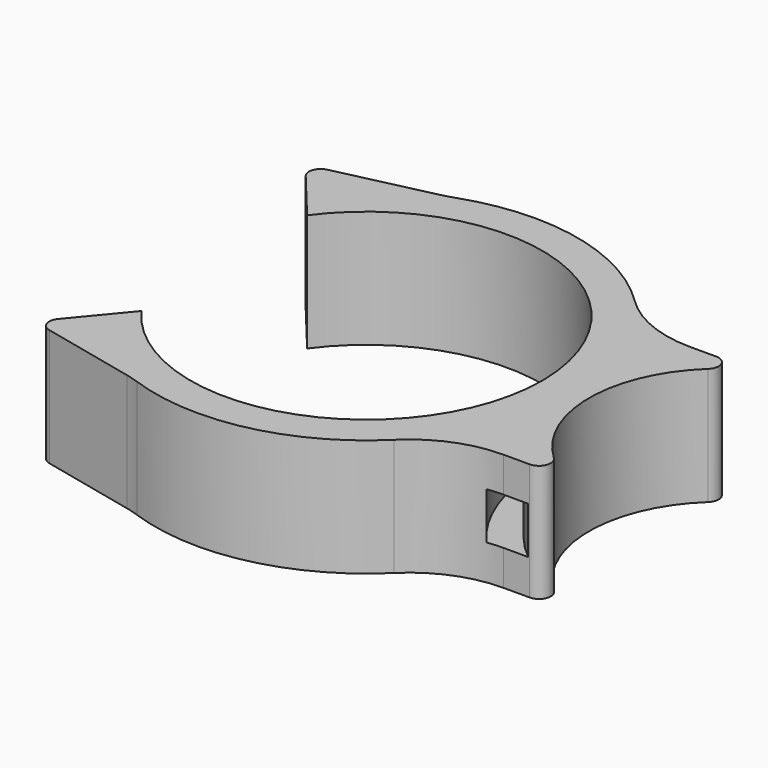
from build123d import *

# Parameters (mm, degrees)
F1_DEPTH = 10
F2_R     = 1
F3_R     = 10
F6_DEPTH = 4
F7_R     = 1


# Not quite as in the source:
# - ends of sketch curves that miss each other by under 0.0002 mm in the source are joined
# - a feature names something its author has since deleted; it is built from what else it names


with BuildPart() as f1:
    # F0 (on Top) → F1 (new body)
    with BuildSketch(Plane.XY):
        with BuildLine():
            ThreePointArc((-1.7962988307, -0.1596333839), (-12.2238763072, -14.2863823148), (-28.9155127569, -8.8376503509))
            Line((-28.9155127569, -8.8376503509), (-33.5614731624, -14.4524267481))
            Line((-33.5614731624, -14.4524267481), (-23.2513401401, -16.8024246609))
            ThreePointArc((-23.2513401401, -16.8024246609), (-11.3191539124, -17.1467252838), (-1.7954493794, -9.9498743711))
            Line((-1.7954493794, -9.9498743711), (8.2045506206, -9.9498743711))
            ThreePointArc((8.2045506206, -9.9498743711), (2.2045506206, 0), (8.2045506206, 9.9498743711))
            Line((8.2045506206, 9.9498743711), (-1.7954493794, 9.9498743711))
            ThreePointArc((-1.7954493794, 9.9498743711), (-11.3191539124, 17.1467252838), (-23.2513401401, 16.8024246609))
            Line((-23.2513401401, 16.8024246609), (-33.5614731624, 14.4524267481))
            Line((-33.5614731624, 14.4524267481), (-28.9155127569, 8.8376503509))
            ThreePointArc((-28.9155127569, 8.8376503509), (-12.3227425268, 14.3176427323), (-1.79993923, 0.3669814152))
            ThreePointArc((-1.79993923, 0.3669814152), (-1.7971307794, 0.2245866702), (-1.7956744539, 0.0821716783))
            Line((-1.7956744539, 0.0821716783), (-1.7954493794, 0.1693372455))
            Line((-1.7954493794, 0.1693372455), (-1.7954493794, 0.0497335093))
            ThreePointArc((-1.7954493794, 0.0497335093), (-1.795550035, -0.0549514122), (-1.7962988307, -0.1596333839))
        make_face()
        with BuildLine():
            Line((-1.7957105611, 0.0681883168), (-1.7962988307, -0.1596333839))
            ThreePointArc((-1.7962988307, -0.1596333839), (-1.795550035, -0.0549514122), (-1.7955318261, 0.049733236))
            Line((-1.7955318261, 0.049733236), (-1.7957105611, 0.0681883168))
        make_face()
        with BuildLine():
            Line((-1.7957105611, 0.0681883168), (-1.7954493794, 0.0497335093))
            ThreePointArc((-1.7954493794, 0.0497335093), (-1.7955943712, 0.0659524957), (-1.7956744539, 0.0821716783))
            Line((-1.7956744539, 0.0821716783), (-1.7957105611, 0.0681883168))
        make_face()
        with BuildLine():
            Line((-1.79993923, 0.3669814152), (-1.7957105611, 0.0681883168))
            Line((-1.7957105611, 0.0681883168), (-1.7956744539, 0.0821716783))
            ThreePointArc((-1.7956744539, 0.0821716783), (-1.7971307794, 0.2245866702), (-1.79993923, 0.3669814152))
        make_face()
    extrude(amount=F1_DEPTH)

    # F2
    f2_edges = [f1.edges().sort_by_distance(p)[0] for p in [
        (-33.561473, -14.452427, 5),
        (-33.561473, 14.452427, 5),
    ]]
    fillet(f2_edges, radius=F2_R)

    # F3
    f3_edges = [f1.edges().sort_by_distance(p)[0] for p in [
        (-1.795449, 9.949874, 5),
        (-1.795449, -9.949874, 5),
        (-23.25134, 16.802425, 5),
        (-23.25134, -16.802425, 5),
    ]]
    fillet(f3_edges, radius=F3_R)

    # F5 (on offset) → F6 (cut)
    with BuildSketch(Plane.XY.offset(7)):
        with BuildLine():
            ThreePointArc((11.5250723848, -12.6931975947), (0.3398769597, -1.8546317787), (7.9403583125, 11.740065307))
            Line((7.9403583125, 11.740065307), (3.2065206071, 11.740065307))
            ThreePointArc((3.2065206071, 11.740065307), (-2.2747136402, -0.7956794231), (4.4808682127, -12.6931975947))
            Line((4.4808682127, -12.6931975947), (11.5250723848, -12.6931975947))
        make_face()
    extrude(amount=-F6_DEPTH, mode=Mode.SUBTRACT)

    # F7
    f7_edges = [f1.edges().sort_by_distance(p)[0] for p in [
        (8.204551, 9.949874, 5),
        (8.204551, -9.949874, 5),
    ]]
    fillet(f7_edges, radius=F7_R)


solid = f1.part

What to work on: Repeat the lines above precisely and skip every picture.

Problem solution:
from build123d import *

# Parameters (mm, degrees)
F1_DEPTH = 10
F2_R     = 1
F3_R     = 10
F6_DEPTH = 4
F7_R     = 1


# Not quite as in the source:
# - ends of sketch curves that miss each other by under 0.0002 mm in the source are joined
# - a feature names something its author has since deleted; it is built from what else it names


with BuildPart() as f1:
    # F0 (on Top) → F1 (new body)
    with BuildSketch(Plane.XY):
        with BuildLine():
            ThreePointArc((-1.7962988307, -0.1596333839), (-12.2238763072, -14.2863823148), (-28.9155127569, -8.8376503509))
            Line((-28.9155127569, -8.8376503509), (-33.5614731624, -14.4524267481))
            Line((-33.5614731624, -14.4524267481), (-23.2513401401, -16.8024246609))
            ThreePointArc((-23.2513401401, -16.8024246609), (-11.3191539124, -17.1467252838), (-1.7954493794, -9.9498743711))
            Line((-1.7954493794, -9.9498743711), (8.2045506206, -9.9498743711))
            ThreePointArc((8.2045506206, -9.9498743711), (2.2045506206, 0), (8.2045506206, 9.9498743711))
            Line((8.2045506206, 9.9498743711), (-1.7954493794, 9.9498743711))
            ThreePointArc((-1.7954493794, 9.9498743711), (-11.3191539124, 17.1467252838), (-23.2513401401, 16.8024246609))
            Line((-23.2513401401, 16.8024246609), (-33.5614731624, 14.4524267481))
            Line((-33.5614731624, 14.4524267481), (-28.9155127569, 8.8376503509))
            ThreePointArc((-28.9155127569, 8.8376503509), (-12.3227425268, 14.3176427323), (-1.79993923, 0.3669814152))
            ThreePointArc((-1.79993923, 0.3669814152), (-1.7971307794, 0.2245866702), (-1.7956744539, 0.0821716783))
            Line((-1.7956744539, 0.0821716783), (-1.7954493794, 0.1693372455))
            Line((-1.7954493794, 0.1693372455), (-1.7954493794, 0.0497335093))
            ThreePointArc((-1.7954493794, 0.0497335093), (-1.795550035, -0.0549514122), (-1.7962988307, -0.1596333839))
        make_face()
        with BuildLine():
            Line((-1.7957105611, 0.0681883168), (-1.7962988307, -0.1596333839))
            ThreePointArc((-1.7962988307, -0.1596333839), (-1.795550035, -0.0549514122), (-1.7955318261, 0.049733236))
            Line((-1.7955318261, 0.049733236), (-1.7957105611, 0.0681883168))
        make_face()
        with BuildLine():
            Line((-1.7957105611, 0.0681883168), (-1.7954493794, 0.0497335093))
            ThreePointArc((-1.7954493794, 0.0497335093), (-1.7955943712, 0.0659524957), (-1.7956744539, 0.0821716783))
            Line((-1.7956744539, 0.0821716783), (-1.7957105611, 0.0681883168))
        make_face()
        with BuildLine():
            Line((-1.79993923, 0.3669814152), (-1.7957105611, 0.0681883168))
            Line((-1.7957105611, 0.0681883168), (-1.7956744539, 0.0821716783))
            ThreePointArc((-1.7956744539, 0.0821716783), (-1.7971307794, 0.2245866702), (-1.79993923, 0.3669814152))
        make_face()
    extrude(amount=F1_DEPTH)

    # F2
    f2_edges = [f1.edges().sort_by_distance(p)[0] for p in [
        (-33.561473, -14.452427, 5),
        (-33.561473, 14.452427, 5),
    ]]
    fillet(f2_edges, radius=F2_R)

    # F3
    f3_edges = [f1.edges().sort_by_distance(p)[0] for p in [
        (-1.795449, 9.949874, 5),
        (-1.795449, -9.949874, 5),
        (-23.25134, 16.802425, 5),
        (-23.25134, -16.802425, 5),
    ]]
    fillet(f3_edges, radius=F3_R)

    # F5 (on offset) → F6 (cut)
    with BuildSketch(Plane.XY.offset(7)):
        with BuildLine():
            ThreePointArc((11.5250723848, -12.6931975947), (0.3398769597, -1.8546317787), (7.9403583125, 11.740065307))
            Line((7.9403583125, 11.740065307), (3.2065206071, 11.740065307))
            ThreePointArc((3.2065206071, 11.740065307), (-2.2747136402, -0.7956794231), (4.4808682127, -12.6931975947))
            Line((4.4808682127, -12.6931975947), (11.5250723848, -12.6931975947))
        make_face()
    extrude(amount=-F6_DEPTH, mode=Mode.SUBTRACT)

    # F7
    f7_edges = [f1.edges().sort_by_distance(p)[0] for p in [
        (8.204551, 9.949874, 5),
        (8.204551, -9.949874, 5),
    ]]
    fillet(f7_edges, radius=F7_R)


solid = f1.part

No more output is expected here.